--- Task objective ---
The line containing "C30: C; C_0805_2012Metric_Pad1.18x1.45mm_HandSolder" marks the end: copy exactly every line from the start of the records below up to and including it, leaving out pictures.

--- Task inputs Enclosed Below ---

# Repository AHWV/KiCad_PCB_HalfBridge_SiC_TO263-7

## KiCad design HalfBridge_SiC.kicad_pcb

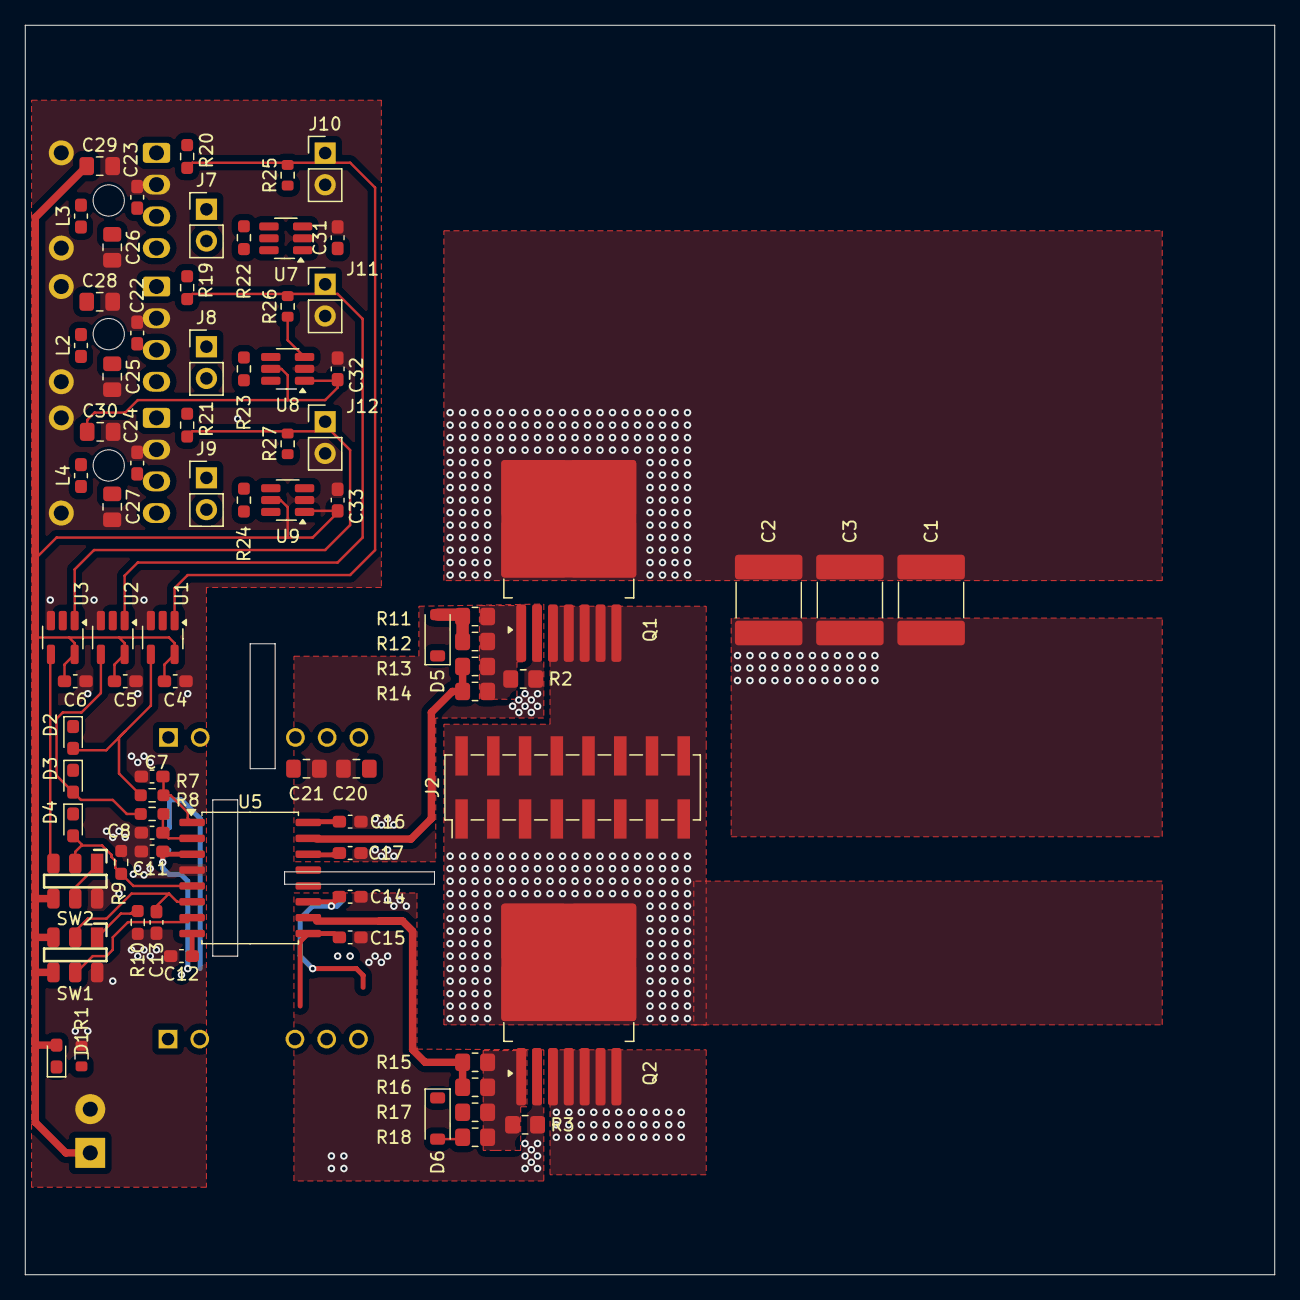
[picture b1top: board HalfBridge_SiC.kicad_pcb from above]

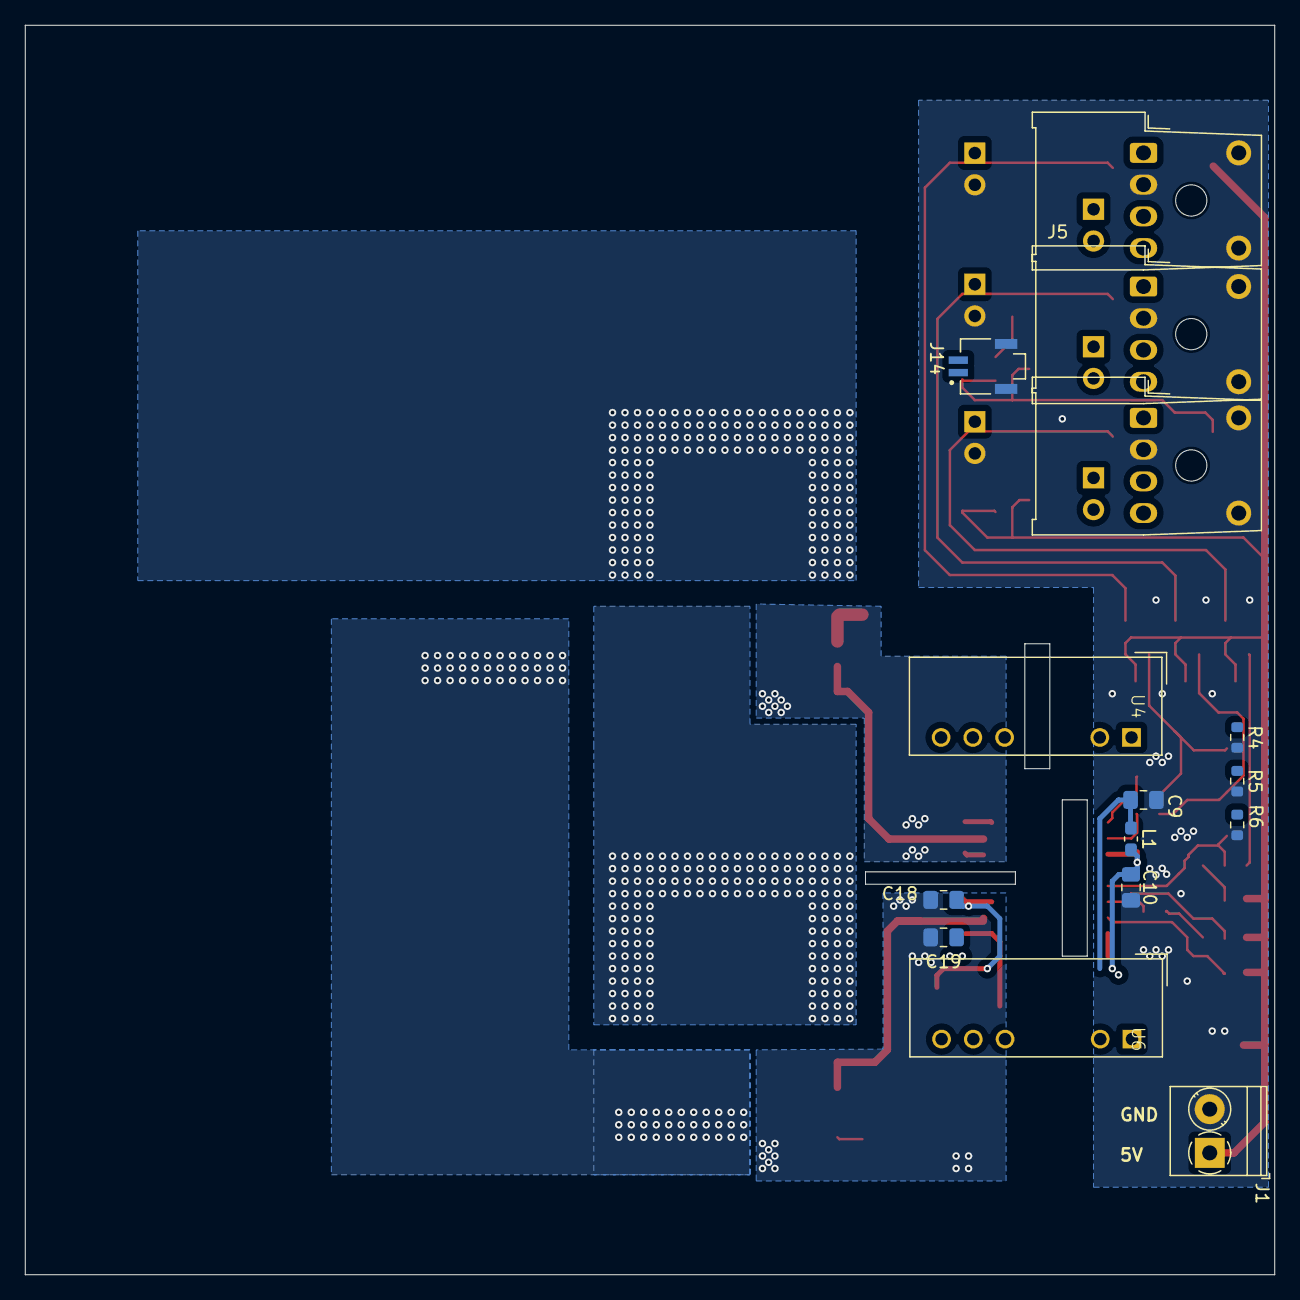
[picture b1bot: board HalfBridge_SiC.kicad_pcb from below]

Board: 2 copper layers, 100.0 x 100.0 mm, 95 parts (15 on the bottom side), 50 nets.

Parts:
C1, C2, C3: C; C_2220_5750Metric_Pad1.97x5.40mm_HandSolder
C4, C5, C6, C11, C12, C16, C17, C31, C32, C33: 100n; C_0603_1608Metric_Pad1.08x0.95mm_HandSolder
C7, C8, C13, C14, C15, C22, C23, C24: C; C_0603_1608Metric_Pad1.08x0.95mm_HandSolder
C9, C10, C18, C19, C20, C21, C25, C26, C27, C28, C29, C30: C; C_0805_2012Metric_Pad1.18x1.45mm_HandSolder
D1, D2, D3, D4: LED; LED_0603_1608Metric_Pad1.05x0.95mm_HandSolder
D5, D6: D_Schottky; D_SOD-123
J1: Screw_Terminal_01x02; TerminalBlock_Phoenix_PT-1,5-2-3.5-H_1x02_P3.50mm_Horizontal
J2: Conn_02x08_Odd_Even; PinHeader_2x08_P2.54mm_Vertical_SMD
J3, J4, J5: AFBR-2624Z; Broadcom_AFBR-16xxZ_Vertical
J7, J8, J9, J10, J11, J12: Conn_01x02; PinHeader_1x02_P2.54mm_Vertical
J14: Conn_01x02_Shielded; SAMTEC_T1M-02-F-SH-L-K
L1, L2, L3, L4: L; L_0603_1608Metric_Pad1.05x0.95mm_HandSolder
Q1, Q2: C3M0075120J; TO-263-7_TabPin8
R1, R4, R5, R6, R25, R26, R27: R; R_0603_1608Metric
R2, R3, R11, R12, R13, R14, R15, R16, R17, R18: R; R_0805_2012Metric_Pad1.20x1.40mm_HandSolder
R7, R8, R9, R10, R19, R20, R21, R22, R23, R24: R; R_0603_1608Metric_Pad0.98x0.95mm_HandSolder
SW1, SW2: CAS-D20X1; Nidec_Copal_CAS-D20A1
U1, U2, U3: 74AHC1G86; SOT-23-5_HandSoldering
U4, U6: RKD-052005D; Converter_DCDC_RECOM_RKZ-xx2005_Dual_THT_SIP7
U5: NCD57252; SOIC-16W_7.5x10.3mm_P1.27mm
U7, U8, U9: MAX3284E; SOT-23-6_Handsoldering

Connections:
/HalfBridge_Diff/gnd: C4.2, C5.2, C6.2, C7.2, C8.2, C9.2, C10.2, C11.2, C12.2, C13.2, C22.2, C23.2, C24.2, C25.2, C26.2, C27.2, C28.2, C29.2, C30.2, C31.2, C32.2, C33.2, J1.2, J3.2 (VEER), J3.5 (HP), J3.8 (HP), J4.2 (VEER), J4.5 (HP), J4.8 (HP), J5.2 (VEER), J5.5 (HP), J5.8 (HP), J10.2, J11.2, J12.2, J14.SH (Shield), R1.2, R4.2, R5.2, R6.2, R9.2, R10.1, SW1.4 (A), SW2.4 (A), U1.3 (GND), U2.3 (GND), U3.3 (GND), U5.4 (GND), U7.2 (GND), U8.2 (GND), U9.2 (GND)
/HalfBridge_Diff/ina_d: J10.1, R20.1, R25.2, U1.1
/HalfBridge_Diff/ina_da: J7.2, R22.1, U7.6 (A)
/HalfBridge_Diff/ina_db: J7.1, R22.2, U7.4 (B)
/HalfBridge_Diff/ina_nd: R25.1, U7.3 (RO)
/HalfBridge_Diff/inb_d: J11.1, R19.1, R26.2, U2.1
/HalfBridge_Diff/inb_da: J8.2, J14.1, R23.1, U8.6 (A)
/HalfBridge_Diff/inb_db: J8.1, J14.2, R23.2, U8.4 (B)
/HalfBridge_Diff/inb_nd: R26.1, U8.3 (RO)
/HalfBridge_Diff/inen_d: J12.1, R21.1, R27.2, U3.1
/HalfBridge_Diff/inen_da: J9.2, R24.1, U9.6 (A)
/HalfBridge_Diff/inen_db: J9.1, R24.2, U9.4 (B)
/HalfBridge_Diff/inen_nd: R27.1, U9.3 (RO)
/HalfBridge_Diff/vcc: C4.1, C5.1, C6.1, C9.1, C28.1, C29.1, C30.1, C31.1, C32.1, C33.1, D1.2 (A), J1.1, L1.1, L2.2, L3.2, L4.2, SW1.3 (C), SW1.6 (C), SW2.6 (C), U1.5 (VCC), U2.5 (VCC), U3.5 (VCC), U7.1 (VCC), U7.5 (VL), U8.1 (VCC), U8.5 (VL), U9.1 (VCC), U9.5 (VL)
/HalfBridge_GateDriver/anb: SW1.5 (B), U5.7 (ANB)
/HalfBridge_GateDriver/asgh: D5.2 (A), R11.1, R12.1
/HalfBridge_GateDriver/asgl: D6.2 (A), R17.1, R18.1
/HalfBridge_GateDriver/dis: D4.2 (A), R9.1, SW2.2 (B), U5.5 (DIS)
/HalfBridge_GateDriver/dis_i: SW2.1 (A), SW2.5 (B)
/HalfBridge_GateDriver/dis_x: SW2.3 (C), U3.4
/HalfBridge_GateDriver/dt: C13.1, SW1.2 (B), U5.6 (DT)
/HalfBridge_GateDriver/gonh: D5.1 (K), R13.1, R14.1, U5.15 (OUTA)
/HalfBridge_GateDriver/gonl: D6.1 (K), R15.1, R16.1, U5.10 (OUTB)
/HalfBridge_GateDriver/inaf: C7.1, R7.2, U5.1 (INA)
/HalfBridge_GateDriver/inbf: C8.1, R8.2, U5.2 (INB)
/HalfBridge_GateDriver/inga: D2.2 (A), R7.1, U1.4
/HalfBridge_GateDriver/ingb: D3.2 (A), R8.1, U2.4
/HalfBridge_GateDriver/kh: C16.2, C17.1, C20.2, C21.1, Q1.2 (DS), R2.2
/HalfBridge_GateDriver/kl: C14.2, C15.1, C18.2, C19.1, Q2.2 (DS), R3.2
/HalfBridge_GateDriver/rdt: R10.2, SW1.1 (A)
/HalfBridge_GateDriver/vcci: C10.1, C11.1, C12.1, L1.2, U5.3 (VCCI), U5.8 (VCCI)
/HalfBridge_GateDriver/vddh: C16.1, C20.1, U4.7 (+VDC), U5.16 (VDDA)
/HalfBridge_GateDriver/vddl: C14.1, C18.1, U5.11 (VDDB), U6.7 (+VDC)
/HalfBridge_GateDriver/vssh: C17.2, C21.2, U4.5 (-VDC), U5.14 (VSSA)
/HalfBridge_GateDriver/vssl: C15.2, C19.2, U5.9 (VSSB), U6.5 (-VDC)
/HalfBridge_Optical/oina: J4.1 (Data_Out), R20.2
/HalfBridge_Optical/oinb: J3.1 (Data_Out), R19.2
/HalfBridge_Optical/oinen: J5.1 (Data_Out), R21.2
/HalfBridge_Optical/vcca: C23.1, C26.1, J4.3 (VCCR), L3.1
/HalfBridge_Optical/vccb: C22.1, C25.1, J3.3 (VCCR), L2.1
/HalfBridge_Optical/vccen: C24.1, C27.1, J5.3 (VCCR), L4.1
/HalfBridge_Power/dcn: C1.2, C2.2, C3.2, Q2.3 (S), Q2.4 (S), Q2.5 (S), Q2.6 (S), Q2.7 (S)
/HalfBridge_Power/dcp: C1.1, C2.1, C3.1, Q1.8 (D)
/HalfBridge_Power/gh: Q1.1 (G), R2.1, R11.2, R12.2, R13.2, R14.2
/HalfBridge_Power/gl: Q2.1 (G), R3.1, R15.2, R16.2, R17.2, R18.2
/HalfBridge_Power/ph: J2.1, J2.2, J2.3, J2.4, J2.5, J2.6, J2.7, J2.8, J2.9, J2.10, J2.11, J2.12, J2.13, J2.14, J2.15, J2.16, Q1.3 (S), Q1.4 (S), Q1.5 (S), Q1.6 (S), Q1.7 (S), Q2.8 (D)
unnamed: D1.1 (K), R1.1
unnamed: D2.1 (K), R4.1
unnamed: D3.1 (K), R5.1
unnamed: D4.1 (K), R6.1

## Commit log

2024-08-20 gate driver
2024-08-26 symbol library gatedriver
2024-08-27 switch dpdt 3d model
2024-08-30 dc dc 3d
2024-09-02 position
2024-09-02 diff rx
2024-09-03 quad diff receiver
2024-09-11 not gate
2024-09-12 new optical diff xor
2024-09-23 diff circuit
2024-09-25 pcb position
2024-10-09 route
2024-10-11 horizontal connector
2024-10-16 ruler heatsink

--- End of Enclosed Task inputs ---

--- Expected output ---
# Repository AHWV/KiCad_PCB_HalfBridge_SiC_TO263-7

## KiCad design HalfBridge_SiC.kicad_pcb

[picture b1top: board HalfBridge_SiC.kicad_pcb from above]

[picture b1bot: board HalfBridge_SiC.kicad_pcb from below]

Board: 2 copper layers, 100.0 x 100.0 mm, 95 parts (15 on the bottom side), 50 nets.

Parts:
C1, C2, C3: C; C_2220_5750Metric_Pad1.97x5.40mm_HandSolder
C4, C5, C6, C11, C12, C16, C17, C31, C32, C33: 100n; C_0603_1608Metric_Pad1.08x0.95mm_HandSolder
C7, C8, C13, C14, C15, C22, C23, C24: C; C_0603_1608Metric_Pad1.08x0.95mm_HandSolder
C9, C10, C18, C19, C20, C21, C25, C26, C27, C28, C29, C30: C; C_0805_2012Metric_Pad1.18x1.45mm_HandSolder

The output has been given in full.